Solutions (1) Stratified random sampling. Two stages: classify population members into groups, then select by SRS within those groups. e.g. ‘over-sample’ non-whites for our racism study. Once we had divided the population by race, we would SRS within those racial groups. Might take 50 whites and 50 non-whites for our sample if we were interested in comparing experiences of racism.

Solutions (2) Cluster random sampling. If population members are naturally clustered, then we SRS those clusters and then SRS the population members within those clusters. Pupils in schools are naturally grouped by school. We may not have a list of every school-child, but we do have a list of every school. Again two stages. We randomly pick 5 schools, and then randomly pick 10 children in each school.

One further problem This is not to say that all problems with random sampling are soluble. Non-response. Not all members of our chosen sample may respond, particularly when sanctions are nil and incentives are low (or in fact usually negative…). This can matter if non-response is non-random. If certain types of people tend to respond and others do not.

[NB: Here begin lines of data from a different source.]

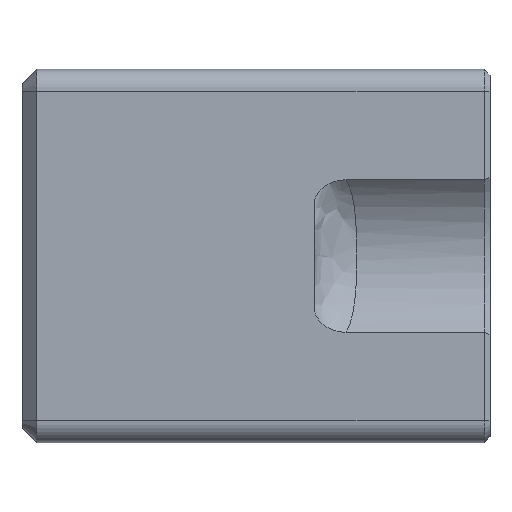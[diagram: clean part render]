
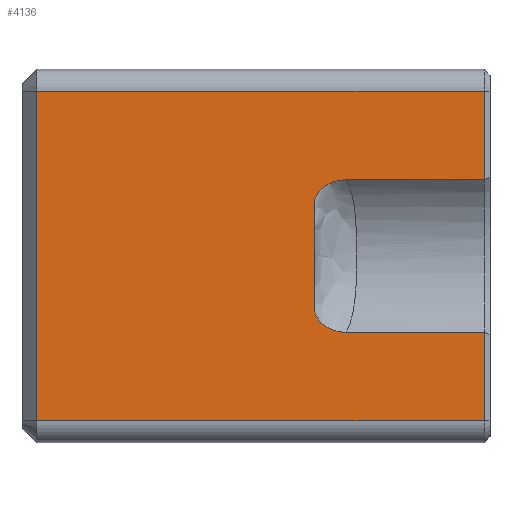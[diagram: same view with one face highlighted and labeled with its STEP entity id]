
A CAD part, front view. The second image highlights one B-rep face of the part: STEP entity #4136.
In plain terms, the highlighted planar face has unit normal (0, -1, 0).
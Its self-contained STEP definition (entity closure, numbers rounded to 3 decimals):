
#541=B_SPLINE_CURVE_WITH_KNOTS('',3,(#11925,#11926,#11927,#11928,#11929,
#11930,#11931,#11932,#11933,#11934,#11935,#11936,#11937,#11938,#11939,#11940,
#11941,#11942,#11943,#11944),.UNSPECIFIED.,.F.,.F.,(4,2,2,2,2,2,2,2,2,4),
(0.,0.,0.,0.003,0.007,
0.017,0.038,0.082,0.153,
0.23),.UNSPECIFIED.);
#542=B_SPLINE_CURVE_WITH_KNOTS('',3,(#11948,#11949,#11950,#11951,#11952,
#11953,#11954,#11955,#11956,#11957,#11958,#11959,#11960,#11961,#11962,#11963,
#11964,#11965,#11966,#11967),.UNSPECIFIED.,.F.,.F.,(4,2,2,2,2,2,2,2,2,4),
(0.,0.101,0.195,0.253,0.281,
0.294,0.3,0.303,0.303,
0.303),.UNSPECIFIED.);
#594=PLANE('',#4426);
#898=FACE_OUTER_BOUND('',#1151,.T.);
#1151=EDGE_LOOP('',(#3808,#3809,#3810,#3811,#3812,#3813,#3814,#3815,#3816,
#3817));
#1256=LINE('',#11892,#1373);
#1265=LINE('',#11914,#1382);
#1266=LINE('',#11919,#1383);
#1267=LINE('',#11923,#1384);
#1268=LINE('',#11946,#1385);
#1269=LINE('',#11968,#1386);
#1270=LINE('',#11970,#1387);
#1271=LINE('',#11971,#1388);
#1373=VECTOR('',#5004,10.);
#1382=VECTOR('',#5037,10.);
#1383=VECTOR('',#5044,10.);
#1384=VECTOR('',#5049,10.);
#1385=VECTOR('',#5050,10.);
#1386=VECTOR('',#5051,10.);
#1387=VECTOR('',#5052,10.);
#1388=VECTOR('',#5053,10.);
#1928=VERTEX_POINT('',#11879);
#1929=VERTEX_POINT('',#11884);
#1930=VERTEX_POINT('',#11891);
#1931=VERTEX_POINT('',#11910);
#1932=VERTEX_POINT('',#11918);
#1933=VERTEX_POINT('',#11922);
#1934=VERTEX_POINT('',#11924);
#1935=VERTEX_POINT('',#11945);
#1936=VERTEX_POINT('',#11947);
#1937=VERTEX_POINT('',#11969);
#2548=EDGE_CURVE('',#1929,#1930,#1256,.T.);
#2561=EDGE_CURVE('',#1931,#1928,#1265,.T.);
#2563=EDGE_CURVE('',#1930,#1932,#1266,.T.);
#2565=EDGE_CURVE('',#1929,#1933,#1267,.T.);
#2566=EDGE_CURVE('',#1934,#1933,#541,.T.);
#2567=EDGE_CURVE('',#1934,#1935,#1268,.T.);
#2568=EDGE_CURVE('',#1935,#1936,#542,.F.);
#2569=EDGE_CURVE('',#1936,#1928,#1269,.T.);
#2570=EDGE_CURVE('',#1937,#1931,#1270,.T.);
#2571=EDGE_CURVE('',#1932,#1937,#1271,.T.);
#3808=ORIENTED_EDGE('',*,*,#2548,.F.);
#3809=ORIENTED_EDGE('',*,*,#2565,.T.);
#3810=ORIENTED_EDGE('',*,*,#2566,.F.);
#3811=ORIENTED_EDGE('',*,*,#2567,.T.);
#3812=ORIENTED_EDGE('',*,*,#2568,.T.);
#3813=ORIENTED_EDGE('',*,*,#2569,.T.);
#3814=ORIENTED_EDGE('',*,*,#2561,.F.);
#3815=ORIENTED_EDGE('',*,*,#2570,.F.);
#3816=ORIENTED_EDGE('',*,*,#2571,.F.);
#3817=ORIENTED_EDGE('',*,*,#2563,.F.);
#4136=ADVANCED_FACE('',(#898),#594,.T.);
#4426=AXIS2_PLACEMENT_3D('',#11921,#5047,#5048);
#5004=DIRECTION('',(0.,0.,-1.));
#5037=DIRECTION('',(0.,0.,-1.));
#5044=DIRECTION('',(-1.,0.,0.));
#5047=DIRECTION('center_axis',(0.,-1.,0.));
#5048=DIRECTION('ref_axis',(0.,0.,1.));
#5049=DIRECTION('',(-1.,0.,0.));
#5050=DIRECTION('',(0.,0.,1.));
#5051=DIRECTION('',(1.,0.,0.));
#5052=DIRECTION('',(1.,0.,0.));
#5053=DIRECTION('',(0.,0.,1.));
#11879=CARTESIAN_POINT('',(-183.534,-11.455,5.212));
#11884=CARTESIAN_POINT('',(-183.534,-11.455,-5.212));
#11891=CARTESIAN_POINT('',(-183.534,-11.455,-11.264));
#11892=CARTESIAN_POINT('',(-183.534,-11.455,-6.128));
#11910=CARTESIAN_POINT('',(-183.534,-11.455,11.264));
#11914=CARTESIAN_POINT('',(-183.534,-11.455,-6.128));
#11918=CARTESIAN_POINT('',(-214.134,-11.455,-11.264));
#11919=CARTESIAN_POINT('',(-183.134,-11.455,-11.264));
#11921=CARTESIAN_POINT('Origin',(-183.134,-11.455,-12.256));
#11922=CARTESIAN_POINT('',(-192.977,-11.455,-5.212));
#11923=CARTESIAN_POINT('',(-183.134,-11.455,-5.212));
#11924=CARTESIAN_POINT('',(-195.134,-11.455,-3.728));
#11925=CARTESIAN_POINT('Ctrl Pts',(-195.134,-11.455,-3.728));
#11926=CARTESIAN_POINT('Ctrl Pts',(-195.134,-11.455,-3.729));
#11927=CARTESIAN_POINT('Ctrl Pts',(-195.134,-11.455,-3.729));
#11928=CARTESIAN_POINT('Ctrl Pts',(-195.134,-11.455,-3.731));
#11929=CARTESIAN_POINT('Ctrl Pts',(-195.134,-11.455,-3.732));
#11930=CARTESIAN_POINT('Ctrl Pts',(-195.133,-11.455,-3.741));
#11931=CARTESIAN_POINT('Ctrl Pts',(-195.133,-11.455,-3.75));
#11932=CARTESIAN_POINT('Ctrl Pts',(-195.13,-11.455,-3.775));
#11933=CARTESIAN_POINT('Ctrl Pts',(-195.127,-11.455,-3.792));
#11934=CARTESIAN_POINT('Ctrl Pts',(-195.115,-11.455,-3.847));
#11935=CARTESIAN_POINT('Ctrl Pts',(-195.105,-11.455,-3.884));
#11936=CARTESIAN_POINT('Ctrl Pts',(-195.067,-11.455,-3.997));
#11937=CARTESIAN_POINT('Ctrl Pts',(-195.033,-11.455,-4.071));
#11938=CARTESIAN_POINT('Ctrl Pts',(-194.914,-11.455,-4.289));
#11939=CARTESIAN_POINT('Ctrl Pts',(-194.809,-11.455,
-4.425));
#11940=CARTESIAN_POINT('Ctrl Pts',(-194.496,-11.455,
-4.738));
#11941=CARTESIAN_POINT('Ctrl Pts',(-194.251,-11.455,-4.903));
#11942=CARTESIAN_POINT('Ctrl Pts',(-193.651,-11.455,-5.15));
#11943=CARTESIAN_POINT('Ctrl Pts',(-193.316,-11.455,-5.212));
#11944=CARTESIAN_POINT('Ctrl Pts',(-192.977,-11.455,-5.212));
#11945=CARTESIAN_POINT('',(-195.134,-11.455,3.728));
#11946=CARTESIAN_POINT('',(-195.134,-11.455,-6.128));
#11947=CARTESIAN_POINT('',(-192.977,-11.455,5.212));
#11948=CARTESIAN_POINT('Ctrl Pts',(-192.977,-11.455,5.212));
#11949=CARTESIAN_POINT('Ctrl Pts',(-193.316,-11.455,5.212));
#11950=CARTESIAN_POINT('Ctrl Pts',(-193.651,-11.455,5.15));
#11951=CARTESIAN_POINT('Ctrl Pts',(-194.251,-11.455,4.903));
#11952=CARTESIAN_POINT('Ctrl Pts',(-194.496,-11.455,
4.738));
#11953=CARTESIAN_POINT('Ctrl Pts',(-194.809,-11.455,
4.425));
#11954=CARTESIAN_POINT('Ctrl Pts',(-194.914,-11.455,4.289));
#11955=CARTESIAN_POINT('Ctrl Pts',(-195.034,-11.455,4.071));
#11956=CARTESIAN_POINT('Ctrl Pts',(-195.067,-11.455,3.997));
#11957=CARTESIAN_POINT('Ctrl Pts',(-195.105,-11.455,3.884));
#11958=CARTESIAN_POINT('Ctrl Pts',(-195.115,-11.455,3.847));
#11959=CARTESIAN_POINT('Ctrl Pts',(-195.127,-11.455,3.792));
#11960=CARTESIAN_POINT('Ctrl Pts',(-195.13,-11.455,3.775));
#11961=CARTESIAN_POINT('Ctrl Pts',(-195.133,-11.455,3.75));
#11962=CARTESIAN_POINT('Ctrl Pts',(-195.133,-11.455,3.741));
#11963=CARTESIAN_POINT('Ctrl Pts',(-195.134,-11.455,3.732));
#11964=CARTESIAN_POINT('Ctrl Pts',(-195.134,-11.455,3.731));
#11965=CARTESIAN_POINT('Ctrl Pts',(-195.134,-11.455,3.729));
#11966=CARTESIAN_POINT('Ctrl Pts',(-195.134,-11.455,3.728));
#11967=CARTESIAN_POINT('Ctrl Pts',(-195.134,-11.455,3.728));
#11968=CARTESIAN_POINT('',(-183.134,-11.455,5.212));
#11969=CARTESIAN_POINT('',(-214.134,-11.455,11.264));
#11970=CARTESIAN_POINT('',(-183.134,-11.455,11.264));
#11971=CARTESIAN_POINT('',(-214.134,-11.455,-6.128));

Non-response In 1992 opinion polls predicted a Labour victory, yet the Conservatives were returned by a large majority of votes (if not seats). One of the (many) factors that may have caused this bias in the polls was that Conservative voters were less likely to respond to surveys than other voters. If the members of the sample that choose to not respond are different to those that do then we have a biased sample. More on bias later on. Ultimately, tricky to deal with. Some more on this later this semester.

Sampling – a summary Sampling is a easy way of collecting information about a population. SRS means everyone in the population of interest has the same chance of being selected. We often use slightly different methods to SRS to overcome certain problems. Random sampling allows us to estimate the probability of the sample being similar to the population.